Virtually all the connectors produced have pins or slots arranged to enable the physical connection to be made. This means the injection molding of such slender features, on parts as small as 12 mm by 3 mm, requires sophisticated tooling with high attention to detail, which prolonged time spent programming and machining.
However, following the recent installation of an EdgeCAM off-line programming system from Pathtrace Engineering Systems (Ontario, California) The Alan Group has been able to streamline the production of electrodes and multi-cavity molds.
EdgeCAM is used to program two vertical machining centers: Mikron WF 31 D and BostoMatic 32GS. These are used to produce a wide range of electrodes, bolster plates, inserts, cavities and various parts for gates and runner systems.
Compared with manual data input routines, through the use of macro canned cycles at the machine control, EdgeCAM already has cut programming time by up to 50 percent on complex ejector plate work, and by around a third on a number of insert plates and certain styles of electrodes. The change has reduced some 6-hour machining cycles to just 2 hours.
In addition, the software enabled the company to accept more complex tooling assignments, such as the machining of intricate pitched electrodes used for the progressive erosion of fine features. One such tool, which looks like a thick comb with offset teeth, involves machining 60 slender upstands from a solid 20 mm by 30 mm by 300 mm copper block.
Each upstand is extremely fine, being just 0.4 mm diameter, and over its 16 mm length has to be accurate to within 0.01 mm. Prior to the installation of EdgeCAM, the electrode would have been progressively built up from separate elements. Now, the entire tool can be programmed in just 60 minutes using the step and repeat area clearance routines that support islands.
The machining of complex, copper runner-electrodes on a vertical machining center also has been optimized, and it now takes around 2 hours, as opposed to 5 or 6 when the electrodes were ground using rotary wheel dressers to generate the stubby, truncated gear tooth form geometry.

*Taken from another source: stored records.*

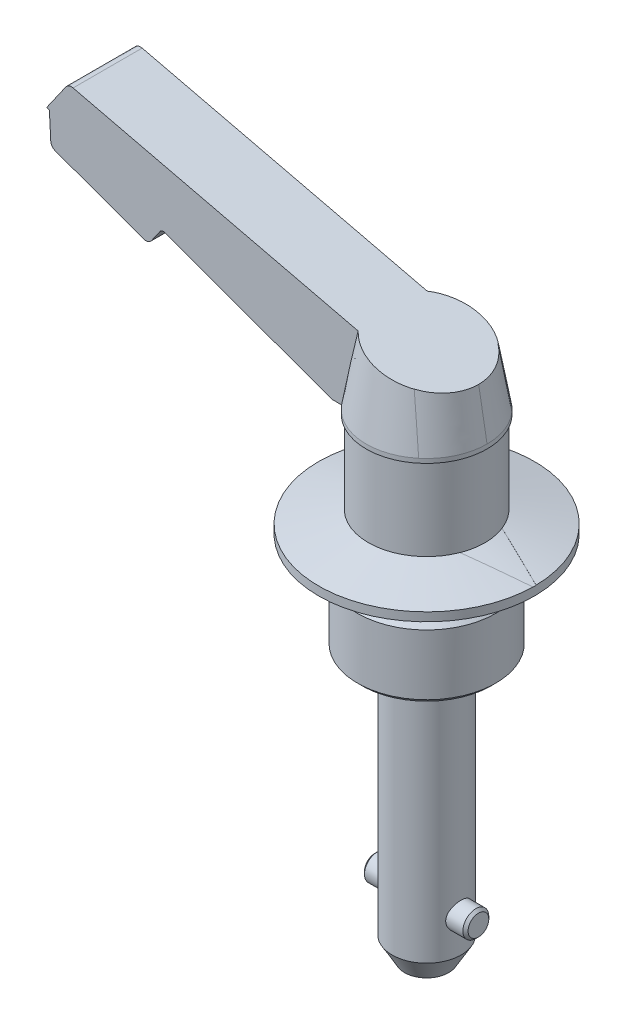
ISO-10303-21;
HEADER;
FILE_DESCRIPTION(('STEP AP214'),'2;1');
FILE_NAME('part.step','',(''),(''),'','','');
FILE_SCHEMA(('AUTOMOTIVE_DESIGN { 1 0 10303 214 1 1 1 1 }'));
ENDSEC;
DATA;
#1=APPLICATION_CONTEXT('core data for automotive mechanical design processes');
#2=APPLICATION_PROTOCOL_DEFINITION('international standard','automotive_design',2000,#1);
#3=PRODUCT_CONTEXT('',#1,'mechanical');
#4=PRODUCT('Part','Part','',(#3));
#5=PRODUCT_RELATED_PRODUCT_CATEGORY('part','',(#4));
#6=PRODUCT_DEFINITION_FORMATION('','',#4);
#7=PRODUCT_DEFINITION_CONTEXT('part definition',#1,'design');
#8=PRODUCT_DEFINITION('design','',#6,#7);
#9=PRODUCT_DEFINITION_SHAPE('','',#8);
#10=(LENGTH_UNIT() NAMED_UNIT(*) SI_UNIT(.MILLI.,.METRE.));
#11=(NAMED_UNIT(*) PLANE_ANGLE_UNIT() SI_UNIT($,.RADIAN.));
#12=(NAMED_UNIT(*) SI_UNIT($,.STERADIAN.) SOLID_ANGLE_UNIT());
#13=UNCERTAINTY_MEASURE_WITH_UNIT(LENGTH_MEASURE(1.E-05),#10,'distance_accuracy_value','');
#14=(GEOMETRIC_REPRESENTATION_CONTEXT(3) GLOBAL_UNCERTAINTY_ASSIGNED_CONTEXT((#13)) GLOBAL_UNIT_ASSIGNED_CONTEXT((#10,
#11,#12)) REPRESENTATION_CONTEXT('',''));
#15=CARTESIAN_POINT('',(0.,0.,0.));
#16=DIRECTION('',(0.,0.,1.));
#17=DIRECTION('',(1.,0.,0.));
#18=AXIS2_PLACEMENT_3D('',#15,#16,#17);
#19=CARTESIAN_POINT('',(0.,18.251996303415,0.));
#20=DIRECTION('',(0.,-1.,0.));
#21=DIRECTION('',(0.,0.,-1.));
#22=AXIS2_PLACEMENT_3D('',#19,#20,#21);
#23=CONICAL_SURFACE('',#22,6.65,1.31979364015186);
#24=CARTESIAN_POINT('',(0.,18.2263552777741,0.));
#25=DIRECTION('',(0.,-1.,0.));
#26=DIRECTION('',(0.,0.,-1.));
#27=AXIS2_PLACEMENT_3D('',#24,#25,#26);
#28=CIRCLE('',#27,6.75);
#29=CARTESIAN_POINT('',(6.29313374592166,18.2263552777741,-2.441099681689));
#30=VERTEX_POINT('',#29);
#31=CARTESIAN_POINT('',(6.29313374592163,18.2263552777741,2.44109968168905));
#32=VERTEX_POINT('',#31);
#33=EDGE_CURVE('E1136',#30,#32,#28,.F.);
#34=ORIENTED_EDGE('',*,*,#33,.F.);
#35=CARTESIAN_POINT('',(6.16731302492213,18.252036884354,-2.48689467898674));
#36=CARTESIAN_POINT('',(6.30010200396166,18.2250905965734,-2.43856344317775));
#37=CARTESIAN_POINT('',(6.43280189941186,18.1976524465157,-2.39026463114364));
#38=CARTESIAN_POINT('',(6.69804041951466,18.14191401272,-2.2937257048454));
#39=CARTESIAN_POINT('',(6.83057904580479,18.1136137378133,-2.24548558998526));
#40=CARTESIAN_POINT('',(7.22797113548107,18.0276037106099,-2.10084669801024));
#41=CARTESIAN_POINT('',(7.49261213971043,17.968782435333,-2.00452524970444));
#42=CARTESIAN_POINT('',(8.02141269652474,17.8489063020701,-1.81205758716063));
#43=CARTESIAN_POINT('',(8.28557230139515,17.787851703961,-1.71591135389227));
#44=CARTESIAN_POINT('',(8.81353581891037,17.6640123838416,-1.52374834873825));
#45=CARTESIAN_POINT('',(9.07733972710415,17.6012276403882,-1.42773157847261));
#46=CARTESIAN_POINT('',(9.86826913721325,17.4108853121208,-1.13985681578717));
#47=CARTESIAN_POINT('',(10.3949690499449,17.2813265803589,-0.948153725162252));
#48=CARTESIAN_POINT('',(11.1844878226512,17.0844504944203,-0.660792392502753));
#49=CARTESIAN_POINT('',(11.4475875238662,17.0183982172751,-0.565031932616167));
#50=CARTESIAN_POINT('',(11.9736299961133,16.8855900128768,-0.373568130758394));
#51=CARTESIAN_POINT('',(12.2365727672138,16.8188340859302,-0.277864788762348));
#52=CARTESIAN_POINT('',(12.499452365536,16.751796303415,-0.182184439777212));
#53=B_SPLINE_CURVE_WITH_KNOTS('',3,(#35,#36,#37,#38,#39,#40,#41,#42,#43,#44,#45,#46,#47,#48,#49,
#50,#51,#52),.UNSPECIFIED.,.F.,.F.,(4,2,2,2,2,2,2,2,4),(0.,0.431569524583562,0.863134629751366,
1.72622800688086,2.58922126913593,3.45222523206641,5.17804788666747,6.04105964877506,
6.90407103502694),.UNSPECIFIED.);
#54=CARTESIAN_POINT('',(12.4986681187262,16.751996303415,-0.182469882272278));
#55=VERTEX_POINT('',#54);
#56=EDGE_CURVE('E896',#30,#55,#53,.T.);
#57=ORIENTED_EDGE('',*,*,#56,.T.);
#58=CARTESIAN_POINT('',(0.,16.751996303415,0.));
#59=DIRECTION('',(0.,-1.,0.));
#60=DIRECTION('',(0.,0.,-1.));
#61=AXIS2_PLACEMENT_3D('',#58,#59,#60);
#62=CIRCLE('',#61,12.5);
#63=CARTESIAN_POINT('',(12.4986681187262,16.751996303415,0.182469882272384));
#64=VERTEX_POINT('',#63);
#65=EDGE_CURVE('E936',#64,#55,#62,.T.);
#66=ORIENTED_EDGE('',*,*,#65,.F.);
#67=CARTESIAN_POINT('',(12.499452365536,16.751796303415,0.182184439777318));
#68=CARTESIAN_POINT('',(12.2365727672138,16.8188340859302,0.277864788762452));
#69=CARTESIAN_POINT('',(11.9736299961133,16.8855900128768,0.373568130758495));
#70=CARTESIAN_POINT('',(11.4475875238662,17.0183982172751,0.565031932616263));
#71=CARTESIAN_POINT('',(11.1844878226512,17.0844504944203,0.660792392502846));
#72=CARTESIAN_POINT('',(10.3949690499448,17.2813265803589,0.948153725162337));
#73=CARTESIAN_POINT('',(9.86826913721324,17.4108853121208,1.13985681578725));
#74=CARTESIAN_POINT('',(9.07733972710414,17.6012276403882,1.42773157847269));
#75=CARTESIAN_POINT('',(8.81353581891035,17.6640123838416,1.52374834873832));
#76=CARTESIAN_POINT('',(8.28557230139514,17.787851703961,1.71591135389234));
#77=CARTESIAN_POINT('',(8.02141269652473,17.8489063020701,1.81205758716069));
#78=CARTESIAN_POINT('',(7.49261213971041,17.968782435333,2.00452524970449));
#79=CARTESIAN_POINT('',(7.22797113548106,18.0276037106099,2.1008466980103));
#80=CARTESIAN_POINT('',(6.83057904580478,18.1136137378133,2.24548558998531));
#81=CARTESIAN_POINT('',(6.69804041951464,18.14191401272,2.29372570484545));
#82=CARTESIAN_POINT('',(6.43280189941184,18.1976524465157,2.39026463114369));
#83=CARTESIAN_POINT('',(6.30010200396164,18.2250905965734,2.4385634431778));
#84=CARTESIAN_POINT('',(6.16731302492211,18.252036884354,2.48689467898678));
#85=B_SPLINE_CURVE_WITH_KNOTS('',3,(#67,#68,#69,#70,#71,#72,#73,#74,#75,#76,#77,#78,#79,#80,#81,
#82,#83,#84),.UNSPECIFIED.,.F.,.F.,(4,2,2,2,2,2,2,2,4),(0.,0.863011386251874,1.72602314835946,
3.45184580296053,4.31484976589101,5.17784302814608,6.04093640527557,6.47250151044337,
6.90407103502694),.UNSPECIFIED.);
#86=EDGE_CURVE('E888',#64,#32,#85,.T.);
#87=ORIENTED_EDGE('',*,*,#86,.T.);
#88=EDGE_LOOP('',(#34,#57,#66,#87));
#89=FACE_BOUND('',#88,.T.);
#90=ADVANCED_FACE('F16',(#89),#23,.T.);
#91=CARTESIAN_POINT('',(13.,15.7309963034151,0.));
#92=DIRECTION('',(0.342020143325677,0.,-0.939692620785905));
#93=DIRECTION('',(-0.939692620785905,0.,-0.342020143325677));
#94=AXIS2_PLACEMENT_3D('',#91,#92,#93);
#95=PLANE('',#94);
#96=DIRECTION('',(0.,1.,0.));
#97=VECTOR('',#96,1.);
#98=CARTESIAN_POINT('',(6.29313374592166,16.751996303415,-2.441099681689));
#99=LINE('',#98,#97);
#100=CARTESIAN_POINT('',(6.29313374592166,18.2160317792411,-2.441099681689));
#101=VERTEX_POINT('',#100);
#102=EDGE_CURVE('E917',#101,#30,#99,.T.);
#103=ORIENTED_EDGE('',*,*,#102,.F.);
#104=CARTESIAN_POINT('',(13.0002,16.6134163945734,7.27940469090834E-05));
#105=CARTESIAN_POINT('',(12.7165376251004,16.6861477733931,-0.1031718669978));
#106=CARTESIAN_POINT('',(12.4328096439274,16.7585879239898,-0.206440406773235));
#107=CARTESIAN_POINT('',(11.8651891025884,16.9027335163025,-0.413037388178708));
#108=CARTESIAN_POINT('',(11.5812965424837,16.9744389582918,-0.51636582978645));
#109=CARTESIAN_POINT('',(10.7293893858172,17.1882079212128,-0.8264346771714));
#110=CARTESIAN_POINT('',(10.1610776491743,17.3289415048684,-1.03328323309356));
#111=CARTESIAN_POINT('',(9.30765246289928,17.5357341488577,-1.34390459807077));
#112=CARTESIAN_POINT('',(9.02300115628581,17.6039509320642,-1.44750920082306));
#113=CARTESIAN_POINT('',(8.45330641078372,17.7384880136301,-1.65486113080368));
#114=CARTESIAN_POINT('',(8.16826297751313,17.8048083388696,-1.75860845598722));
#115=CARTESIAN_POINT('',(7.59763598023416,17.9349593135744,-1.96629969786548));
#116=CARTESIAN_POINT('',(7.31205235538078,17.9987896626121,-2.07024363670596));
#117=CARTESIAN_POINT('',(6.88318421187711,18.092006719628,-2.2263388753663));
#118=CARTESIAN_POINT('',(6.74014257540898,18.1226583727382,-2.27840177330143));
#119=CARTESIAN_POINT('',(6.45387287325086,18.182968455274,-2.38259542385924));
#120=CARTESIAN_POINT('',(6.31064480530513,18.2126268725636,-2.43472617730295));
#121=CARTESIAN_POINT('',(6.16731302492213,18.241713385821,-2.48689467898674));
#122=B_SPLINE_CURVE_WITH_KNOTS('',3,(#104,#105,#106,#107,#108,#109,#110,#111,#112,#113,#114,
#115,#116,#117,#118,#119,#120,#121),.UNSPECIFIED.,.F.,.F.,(4,2,2,2,2,2,2,2,4),(0.,
0.93151542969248,1.8630305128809,3.72583842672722,4.65735116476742,5.58885069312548,
6.52046226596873,6.98629062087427,7.45212466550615),.UNSPECIFIED.);
#123=CARTESIAN_POINT('',(12.4986681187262,16.7416728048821,-0.182469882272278));
#124=VERTEX_POINT('',#123);
#125=EDGE_CURVE('E909',#124,#101,#122,.T.);
#126=ORIENTED_EDGE('',*,*,#125,.F.);
#127=DIRECTION('',(0.,-1.,0.));
#128=VECTOR('',#127,1.);
#129=CARTESIAN_POINT('',(12.4986681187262,18.251996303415,-0.182469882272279));
#130=LINE('',#129,#128);
#131=EDGE_CURVE('E902',#55,#124,#130,.T.);
#132=ORIENTED_EDGE('',*,*,#131,.F.);
#133=ORIENTED_EDGE('',*,*,#56,.F.);
#134=EDGE_LOOP('',(#103,#126,#132,#133));
#135=FACE_BOUND('',#134,.T.);
#136=ADVANCED_FACE('F836',(#135),#95,.F.);
#137=CARTESIAN_POINT('',(0.,18.251996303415,0.));
#138=DIRECTION('',(0.,-1.,0.));
#139=DIRECTION('',(0.,0.,-1.));
#140=AXIS2_PLACEMENT_3D('',#137,#138,#139);
#141=CYLINDRICAL_SURFACE('',#140,12.5);
#142=ORIENTED_EDGE('',*,*,#65,.T.);
#143=ORIENTED_EDGE('',*,*,#131,.T.);
#144=CARTESIAN_POINT('',(0.,16.7416728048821,0.));
#145=DIRECTION('',(0.,-1.,0.));
#146=DIRECTION('',(0.,0.,-1.));
#147=AXIS2_PLACEMENT_3D('',#144,#145,#146);
#148=CIRCLE('',#147,12.5);
#149=CARTESIAN_POINT('',(12.4986681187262,16.7416728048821,0.182469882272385));
#150=VERTEX_POINT('',#149);
#151=EDGE_CURVE('E937',#124,#150,#148,.T.);
#152=ORIENTED_EDGE('',*,*,#151,.T.);
#153=DIRECTION('',(0.,-1.,0.));
#154=VECTOR('',#153,1.);
#155=CARTESIAN_POINT('',(12.4986681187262,18.251996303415,0.182469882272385));
#156=LINE('',#155,#154);
#157=EDGE_CURVE('E903',#150,#64,#156,.F.);
#158=ORIENTED_EDGE('',*,*,#157,.T.);
#159=EDGE_LOOP('',(#142,#143,#152,#158));
#160=FACE_BOUND('',#159,.T.);
#161=CARTESIAN_POINT('',(0.,15.7519963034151,0.));
#162=DIRECTION('',(0.,1.,0.));
#163=DIRECTION('',(0.,0.,1.));
#164=AXIS2_PLACEMENT_3D('',#161,#162,#163);
#165=CIRCLE('',#164,12.5);
#166=CARTESIAN_POINT('',(0.,15.7519963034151,12.5));
#167=VERTEX_POINT('',#166);
#168=EDGE_CURVE('E941',#167,#167,#165,.T.);
#169=ORIENTED_EDGE('',*,*,#168,.T.);
#170=EDGE_LOOP('',(#169));
#171=FACE_BOUND('',#170,.T.);
#172=ADVANCED_FACE('F828',(#160,#171),#141,.T.);
#173=CARTESIAN_POINT('',(13.,15.7309963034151,0.));
#174=DIRECTION('',(0.342020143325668,0.,0.939692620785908));
#175=DIRECTION('',(0.939692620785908,0.,-0.342020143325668));
#176=AXIS2_PLACEMENT_3D('',#173,#174,#175);
#177=PLANE('',#176);
#178=DIRECTION('',(0.,1.,0.));
#179=VECTOR('',#178,1.);
#180=CARTESIAN_POINT('',(6.29313374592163,16.751996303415,2.44109968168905));
#181=LINE('',#180,#179);
#182=CARTESIAN_POINT('',(6.29313374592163,18.2160317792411,2.44109968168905));
#183=VERTEX_POINT('',#182);
#184=EDGE_CURVE('E26',#32,#183,#181,.F.);
#185=ORIENTED_EDGE('',*,*,#184,.F.);
#186=ORIENTED_EDGE('',*,*,#86,.F.);
#187=ORIENTED_EDGE('',*,*,#157,.F.);
#188=CARTESIAN_POINT('',(6.16731302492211,18.241713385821,2.48689467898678));
#189=CARTESIAN_POINT('',(6.3106448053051,18.2126268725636,2.43472617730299));
#190=CARTESIAN_POINT('',(6.45387287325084,18.182968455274,2.38259542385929));
#191=CARTESIAN_POINT('',(6.74014257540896,18.1226583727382,2.27840177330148));
#192=CARTESIAN_POINT('',(6.88318421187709,18.092006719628,2.22633887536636));
#193=CARTESIAN_POINT('',(7.31205235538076,17.9987896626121,2.07024363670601));
#194=CARTESIAN_POINT('',(7.59763598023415,17.9349593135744,1.96629969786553));
#195=CARTESIAN_POINT('',(8.16826297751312,17.8048083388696,1.75860845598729));
#196=CARTESIAN_POINT('',(8.45330641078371,17.7384880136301,1.65486113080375));
#197=CARTESIAN_POINT('',(9.0230011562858,17.6039509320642,1.44750920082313));
#198=CARTESIAN_POINT('',(9.30765246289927,17.5357341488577,1.34390459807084));
#199=CARTESIAN_POINT('',(10.1610776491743,17.3289415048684,1.03328323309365));
#200=CARTESIAN_POINT('',(10.7293893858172,17.1882079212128,0.826434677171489));
#201=CARTESIAN_POINT('',(11.5812965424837,16.9744389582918,0.516365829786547));
#202=CARTESIAN_POINT('',(11.8651891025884,16.9027335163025,0.413037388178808));
#203=CARTESIAN_POINT('',(12.4328096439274,16.7585879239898,0.20644040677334));
#204=CARTESIAN_POINT('',(12.7165376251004,16.6861477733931,0.103171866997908));
#205=CARTESIAN_POINT('',(13.0002,16.6134163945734,-7.27940467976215E-05));
#206=B_SPLINE_CURVE_WITH_KNOTS('',3,(#188,#189,#190,#191,#192,#193,#194,#195,#196,#197,#198,
#199,#200,#201,#202,#203,#204,#205),.UNSPECIFIED.,.F.,.F.,(4,2,2,2,2,2,2,2,4),(0.,
0.465834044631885,0.931662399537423,1.86327397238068,2.79477350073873,3.72628623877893,
5.58909415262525,6.52060923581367,7.45212466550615),.UNSPECIFIED.);
#207=EDGE_CURVE('E916',#183,#150,#206,.T.);
#208=ORIENTED_EDGE('',*,*,#207,.F.);
#209=EDGE_LOOP('',(#185,#186,#187,#208));
#210=FACE_BOUND('',#209,.T.);
#211=ADVANCED_FACE('F819',(#210),#177,.F.);
#212=CARTESIAN_POINT('',(0.,18.2423096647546,0.));
#213=DIRECTION('',(0.,-1.,0.));
#214=DIRECTION('',(0.,0.,-1.));
#215=AXIS2_PLACEMENT_3D('',#212,#213,#214);
#216=CONICAL_SURFACE('',#215,6.64751624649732,1.31979364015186);
#217=CARTESIAN_POINT('',(0.,18.2160317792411,0.));
#218=DIRECTION('',(0.,-1.,0.));
#219=DIRECTION('',(0.,0.,-1.));
#220=AXIS2_PLACEMENT_3D('',#217,#218,#219);
#221=CIRCLE('',#220,6.75);
#222=EDGE_CURVE('E1117',#183,#101,#221,.F.);
#223=ORIENTED_EDGE('',*,*,#222,.F.);
#224=ORIENTED_EDGE('',*,*,#207,.T.);
#225=ORIENTED_EDGE('',*,*,#151,.F.);
#226=ORIENTED_EDGE('',*,*,#125,.T.);
#227=EDGE_LOOP('',(#223,#224,#225,#226));
#228=FACE_BOUND('',#227,.T.);
#229=ADVANCED_FACE('F810',(#228),#216,.T.);
#230=CARTESIAN_POINT('',(0.,15.7519963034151,0.));
#231=DIRECTION('',(0.,1.,0.));
#232=DIRECTION('',(0.,0.,1.));
#233=AXIS2_PLACEMENT_3D('',#230,#231,#232);
#234=PLANE('',#233);
#235=CARTESIAN_POINT('',(0.,15.7519963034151,0.));
#236=DIRECTION('',(0.,1.,0.));
#237=DIRECTION('',(-1.,0.,0.));
#238=AXIS2_PLACEMENT_3D('',#235,#236,#237);
#239=CIRCLE('',#238,5.25);
#240=CARTESIAN_POINT('',(-5.25,15.7519963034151,0.));
#241=VERTEX_POINT('',#240);
#242=EDGE_CURVE('E10',#241,#241,#239,.T.);
#243=ORIENTED_EDGE('',*,*,#242,.T.);
#244=EDGE_LOOP('',(#243));
#245=FACE_BOUND('',#244,.T.);
#246=ORIENTED_EDGE('',*,*,#168,.F.);
#247=EDGE_LOOP('',(#246));
#248=FACE_BOUND('',#247,.T.);
#249=ADVANCED_FACE('F385',(#245,#248),#234,.F.);
#250=CARTESIAN_POINT('',(3.74209761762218,32.3811800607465,5.02011689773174));
#251=DIRECTION('',(0.,-0.0890197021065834,-0.996029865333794));
#252=DIRECTION('',(0.,-0.996029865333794,0.0890197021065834));
#253=AXIS2_PLACEMENT_3D('',#250,#251,#252);
#254=PLANE('',#253);
#255=DIRECTION('',(-0.172319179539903,0.981130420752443,-0.0876880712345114));
#256=VECTOR('',#255,1.);
#257=CARTESIAN_POINT('',(3.74209761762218,32.3811800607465,5.02011689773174));
#258=LINE('',#257,#256);
#259=CARTESIAN_POINT('',(4.46731981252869,28.2519963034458,5.38916075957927));
#260=VERTEX_POINT('',#259);
#261=CARTESIAN_POINT('',(3.39086009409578,34.381014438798,4.8413826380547));
#262=VERTEX_POINT('',#261);
#263=EDGE_CURVE('E1148',#260,#262,#258,.T.);
#264=ORIENTED_EDGE('',*,*,#263,.T.);
#265=DIRECTION('',(0.972547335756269,-0.231781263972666,0.0207153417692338));
#266=VECTOR('',#265,1.);
#267=CARTESIAN_POINT('',(4.17747757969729,34.1935446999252,4.85813765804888));
#268=LINE('',#267,#266);
#269=CARTESIAN_POINT('',(3.40639365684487,34.3773124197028,4.8417135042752));
#270=VERTEX_POINT('',#269);
#271=EDGE_CURVE('E1113',#262,#270,#268,.T.);
#272=ORIENTED_EDGE('',*,*,#271,.T.);
#273=CARTESIAN_POINT('',(4.46735350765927,28.2517963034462,5.38917863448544));
#274=CARTESIAN_POINT('',(4.35123065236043,28.9408492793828,5.32759484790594));
#275=CARTESIAN_POINT('',(4.23435228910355,29.6297775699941,5.2660222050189));
#276=CARTESIAN_POINT('',(3.99849210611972,31.0072643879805,5.14290996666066));
#277=CARTESIAN_POINT('',(3.87951032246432,31.6958229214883,5.08137037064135));
#278=CARTESIAN_POINT('',(3.63884615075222,33.0724778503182,4.95833248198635));
#279=CARTESIAN_POINT('',(3.51716374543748,33.760574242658,4.89683418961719));
#280=CARTESIAN_POINT('',(3.33188262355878,34.7922337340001,4.80463010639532));
#281=CARTESIAN_POINT('',(3.26966211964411,35.1360423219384,4.77390237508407));
#282=CARTESIAN_POINT('',(3.1441207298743,35.8234610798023,4.71246464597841));
#283=CARTESIAN_POINT('',(3.08079984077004,36.1670712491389,4.68175464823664));
#284=CARTESIAN_POINT('',(3.01683817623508,36.5105638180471,4.65105516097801));
#285=B_SPLINE_CURVE_WITH_KNOTS('',3,(#273,#274,#275,#276,#277,#278,#279,#280,#281,#282,#283,
#284),.UNSPECIFIED.,.F.,.F.,(4,2,2,2,2,4),(0.,2.10443524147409,4.20883442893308,
6.31324706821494,7.36547139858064,8.41769883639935),.UNSPECIFIED.);
#286=EDGE_CURVE('E966',#260,#270,#285,.T.);
#287=ORIENTED_EDGE('',*,*,#286,.F.);
#288=EDGE_LOOP('',(#264,#272,#287));
#289=FACE_BOUND('',#288,.T.);
#290=ADVANCED_FACE('F793',(#289),#254,.T.);
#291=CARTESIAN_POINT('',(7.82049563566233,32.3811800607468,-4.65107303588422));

By hard metal machining at spindle speeds of 16,000 rpm, small parts such as cores for mold gates can be completely roughed out prior to finish machining using the solid sink vertical EDM. This revised dual operation process is quicker and more economic than the many hours previously allowed for eroding the complete cavity.
Not only is the software used on tool and mold production—EdgeCAM also has opened other subcontract machining opportunities. Alan Grinders is attracting business now from the Formula 1 motor racing sector. In fact, it was one such motor sport component that helped convince Alan Grinders that EdgeCAM was the best programming system for the company.
Initially, Alan Grinders shortlisted four CAM systems from which two suppliers were asked to provide demonstrations. “It seemed logical to use the F1 component for the evaluation process,” says CNC programmer Glen Fowler. “This particular fuel system component had a 50-mm2 bell-shaped housing that involved machining complex 3D profiles along with quite intricate internal filets, radii and chamfers. If I manually programmed this job, it would have taken me the best part of a week.”
While both CAM systems produced a program for this job, the speed and simplicity of EdgeCAM impressed Alan Grinders. “EdgeCAM created the basic model in a little over 5 minutes and the complete program was up and ready to run within the hour,” Mr. Fowler says.